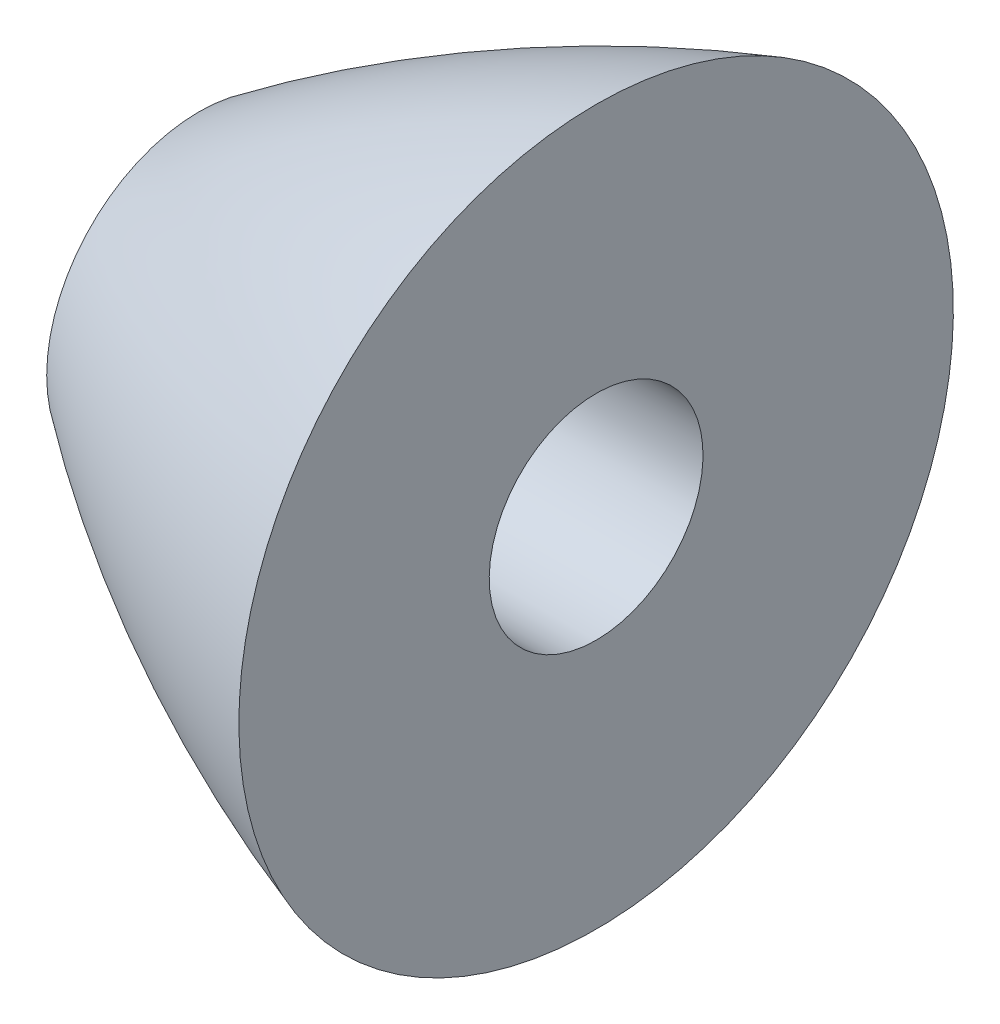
from build123d import *

# Parameters (mm, degrees)
CUT_EXTRUDE1_DEPTH              = 15.317174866
CUT_EXTRUDE1_DEPTH_BACK         = 15.317174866
SKETCH2_R                       = 2
CUT_EXTRUDE2_START              = -3
SKETCH2_3_R                     = 2.85
SKETCH2_3_R_2                   = 2
CUT_EXTRUDE2_DEPTH              = 10.736670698
BOSS_EXTRUDE1_REACH             = 20.738
BOSS_EXTRUDE1_DIRECTION_2_REACH = 20.738
CUT_EXTRUDE3_DEPTH              = 13.022159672
CUT_EXTRUDE3_DEPTH_BACK         = 13.022159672
SKETCH5_R                       = 2


with BuildPart() as part:
    # Sketch1 → Revolve1 (revolve)
    with BuildSketch(Plane.XY):
        with BuildLine():
            Line((-8.75, 0), (-8.75, 6.683664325))
            ThreePointArc((-8.75, 6.683664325), (-14.516664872, 3.969140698), (-19.503546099, 0))
            Line((-19.503546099, 0), (-8.75, 0))
        make_face()
    revolve(axis=Axis((19.503546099, 0, 0), (-1, 0, 0)))

    # Sketch2 → Cut-Extrude1 (cut, two sides: drawn at the far end of the back side and taken through both)
    with BuildSketch(Plane(origin=(-8.75, 0, 0), x_dir=(0, 0, -1), z_dir=(1, 0, 0)).offset(-CUT_EXTRUDE1_DEPTH_BACK)):
        with Locations(Location((0, 0, 0), (0, 0, 90))):
            Circle(SKETCH2_R)
    extrude(amount=CUT_EXTRUDE1_DEPTH + CUT_EXTRUDE1_DEPTH_BACK, mode=Mode.SUBTRACT)

    # Sketch2_3 → Cut-Extrude2 (cut, through all)
    with BuildSketch(Plane(origin=(-8.75, 0, 0), x_dir=(0, 0, -1), z_dir=(1, 0, 0)).offset(CUT_EXTRUDE2_START)):
        Circle(SKETCH2_3_R)
        Circle(SKETCH2_3_R_2, mode=Mode.SUBTRACT)
    extrude(amount=-CUT_EXTRUDE2_DEPTH, mode=Mode.SUBTRACT)

    # Sketch4 → Boss-Extrude1 (add, up to next)
    with BuildSketch(Plane(origin=(0, 0, 0), x_dir=(1, 0, 0), z_dir=(0, 1, 0)), mode=Mode.PRIVATE) as boss_extrude1_sk1:
        Polygon((-14.907894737, -2.9), (-11.75, -2.9), (-11.75, -1.9), (-14.25, -1.9), align=None)
    boss_extrude1_tool1 = extrude(boss_extrude1_sk1.sketch, amount=-BOSS_EXTRUDE1_REACH, mode=Mode.PRIVATE) - part.part
    # Sketch4 → Boss-Extrude1 (add, up to next)
    with BuildSketch(Plane(origin=(0, 0, 0), x_dir=(1, 0, 0), z_dir=(0, 1, 0)), mode=Mode.PRIVATE) as boss_extrude1_sk2:
        Polygon((-14.25, -1.9), (-11.75, -1.9), (-11.75, 1.9), align=None)
    boss_extrude1_tool2 = extrude(boss_extrude1_sk2.sketch, amount=-BOSS_EXTRUDE1_REACH, mode=Mode.PRIVATE) - part.part
    add(boss_extrude1_tool1.solids().sort_by_distance((-13.170849, 0, 2.41938))[0])
    add(boss_extrude1_tool2.solids().sort_by_distance((-12.583333, 0, 0.633333))[0])

    # Sketch4 → Boss-Extrude1 direction 2 (add, up to next)
    with BuildSketch(Plane(origin=(0, 0, 0), x_dir=(1, 0, 0), z_dir=(0, 1, 0)), mode=Mode.PRIVATE) as boss_extrude1_direction_2_sk1:
        Polygon((-14.907894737, -2.9), (-11.75, -2.9), (-11.75, -1.9), (-14.25, -1.9), align=None)
    boss_extrude1_direction_2_tool1 = extrude(boss_extrude1_direction_2_sk1.sketch, amount=BOSS_EXTRUDE1_DIRECTION_2_REACH, mode=Mode.PRIVATE) - part.part
    # Sketch4 → Boss-Extrude1 direction 2 (add, up to next)
    with BuildSketch(Plane(origin=(0, 0, 0), x_dir=(1, 0, 0), z_dir=(0, 1, 0)), mode=Mode.PRIVATE) as boss_extrude1_direction_2_sk2:
        Polygon((-14.25, -1.9), (-11.75, -1.9), (-11.75, 1.9), align=None)
    boss_extrude1_direction_2_tool2 = extrude(boss_extrude1_direction_2_sk2.sketch, amount=BOSS_EXTRUDE1_DIRECTION_2_REACH, mode=Mode.PRIVATE) - part.part
    add(boss_extrude1_direction_2_tool1.solids().sort_by_distance((-13.170849, 0, 2.41938))[0])
    add(boss_extrude1_direction_2_tool2.solids().sort_by_distance((-12.583333, 0, 0.633333))[0])

    # Sketch5 → Cut-Extrude3 (cut, two sides: drawn at the far end of the back side and taken through both)
    with BuildSketch(Plane(origin=(-8.75, 0, 0), x_dir=(0, 0, -1), z_dir=(1, 0, 0)).offset(-CUT_EXTRUDE3_DEPTH_BACK)):
        with Locations(Location((0, 0, 0), (0, 0, 18.194872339))):
            Circle(SKETCH5_R)
    extrude(amount=CUT_EXTRUDE3_DEPTH + CUT_EXTRUDE3_DEPTH_BACK, mode=Mode.SUBTRACT)


solid = part.part

——————

Your task is to set down each line above verbatim while excluding the pictures.

from build123d import *

# Parameters (mm, degrees)
CUT_EXTRUDE1_DEPTH              = 15.317174866
CUT_EXTRUDE1_DEPTH_BACK         = 15.317174866
SKETCH2_R                       = 2
CUT_EXTRUDE2_START              = -3
SKETCH2_3_R                     = 2.85
SKETCH2_3_R_2                   = 2
CUT_EXTRUDE2_DEPTH              = 10.736670698
BOSS_EXTRUDE1_REACH             = 20.738
BOSS_EXTRUDE1_DIRECTION_2_REACH = 20.738
CUT_EXTRUDE3_DEPTH              = 13.022159672
CUT_EXTRUDE3_DEPTH_BACK         = 13.022159672
SKETCH5_R                       = 2


with BuildPart() as part:
    # Sketch1 → Revolve1 (revolve)
    with BuildSketch(Plane.XY):
        with BuildLine():
            Line((-8.75, 0), (-8.75, 6.683664325))
            ThreePointArc((-8.75, 6.683664325), (-14.516664872, 3.969140698), (-19.503546099, 0))
            Line((-19.503546099, 0), (-8.75, 0))
        make_face()
    revolve(axis=Axis((19.503546099, 0, 0), (-1, 0, 0)))

    # Sketch2 → Cut-Extrude1 (cut, two sides: drawn at the far end of the back side and taken through both)
    with BuildSketch(Plane(origin=(-8.75, 0, 0), x_dir=(0, 0, -1), z_dir=(1, 0, 0)).offset(-CUT_EXTRUDE1_DEPTH_BACK)):
        with Locations(Location((0, 0, 0), (0, 0, 90))):
            Circle(SKETCH2_R)
    extrude(amount=CUT_EXTRUDE1_DEPTH + CUT_EXTRUDE1_DEPTH_BACK, mode=Mode.SUBTRACT)

    # Sketch2_3 → Cut-Extrude2 (cut, through all)
    with BuildSketch(Plane(origin=(-8.75, 0, 0), x_dir=(0, 0, -1), z_dir=(1, 0, 0)).offset(CUT_EXTRUDE2_START)):
        Circle(SKETCH2_3_R)
        Circle(SKETCH2_3_R_2, mode=Mode.SUBTRACT)
    extrude(amount=-CUT_EXTRUDE2_DEPTH, mode=Mode.SUBTRACT)

    # Sketch4 → Boss-Extrude1 (add, up to next)
    with BuildSketch(Plane(origin=(0, 0, 0), x_dir=(1, 0, 0), z_dir=(0, 1, 0)), mode=Mode.PRIVATE) as boss_extrude1_sk1:
        Polygon((-14.907894737, -2.9), (-11.75, -2.9), (-11.75, -1.9), (-14.25, -1.9), align=None)
    boss_extrude1_tool1 = extrude(boss_extrude1_sk1.sketch, amount=-BOSS_EXTRUDE1_REACH, mode=Mode.PRIVATE) - part.part
    # Sketch4 → Boss-Extrude1 (add, up to next)
    with BuildSketch(Plane(origin=(0, 0, 0), x_dir=(1, 0, 0), z_dir=(0, 1, 0)), mode=Mode.PRIVATE) as boss_extrude1_sk2:
        Polygon((-14.25, -1.9), (-11.75, -1.9), (-11.75, 1.9), align=None)
    boss_extrude1_tool2 = extrude(boss_extrude1_sk2.sketch, amount=-BOSS_EXTRUDE1_REACH, mode=Mode.PRIVATE) - part.part
    add(boss_extrude1_tool1.solids().sort_by_distance((-13.170849, 0, 2.41938))[0])
    add(boss_extrude1_tool2.solids().sort_by_distance((-12.583333, 0, 0.633333))[0])

    # Sketch4 → Boss-Extrude1 direction 2 (add, up to next)
    with BuildSketch(Plane(origin=(0, 0, 0), x_dir=(1, 0, 0), z_dir=(0, 1, 0)), mode=Mode.PRIVATE) as boss_extrude1_direction_2_sk1:
        Polygon((-14.907894737, -2.9), (-11.75, -2.9), (-11.75, -1.9), (-14.25, -1.9), align=None)
    boss_extrude1_direction_2_tool1 = extrude(boss_extrude1_direction_2_sk1.sketch, amount=BOSS_EXTRUDE1_DIRECTION_2_REACH, mode=Mode.PRIVATE) - part.part
    # Sketch4 → Boss-Extrude1 direction 2 (add, up to next)
    with BuildSketch(Plane(origin=(0, 0, 0), x_dir=(1, 0, 0), z_dir=(0, 1, 0)), mode=Mode.PRIVATE) as boss_extrude1_direction_2_sk2:
        Polygon((-14.25, -1.9), (-11.75, -1.9), (-11.75, 1.9), align=None)
    boss_extrude1_direction_2_tool2 = extrude(boss_extrude1_direction_2_sk2.sketch, amount=BOSS_EXTRUDE1_DIRECTION_2_REACH, mode=Mode.PRIVATE) - part.part
    add(boss_extrude1_direction_2_tool1.solids().sort_by_distance((-13.170849, 0, 2.41938))[0])
    add(boss_extrude1_direction_2_tool2.solids().sort_by_distance((-12.583333, 0, 0.633333))[0])

    # Sketch5 → Cut-Extrude3 (cut, two sides: drawn at the far end of the back side and taken through both)
    with BuildSketch(Plane(origin=(-8.75, 0, 0), x_dir=(0, 0, -1), z_dir=(1, 0, 0)).offset(-CUT_EXTRUDE3_DEPTH_BACK)):
        with Locations(Location((0, 0, 0), (0, 0, 18.194872339))):
            Circle(SKETCH5_R)
    extrude(amount=CUT_EXTRUDE3_DEPTH + CUT_EXTRUDE3_DEPTH_BACK, mode=Mode.SUBTRACT)


solid = part.part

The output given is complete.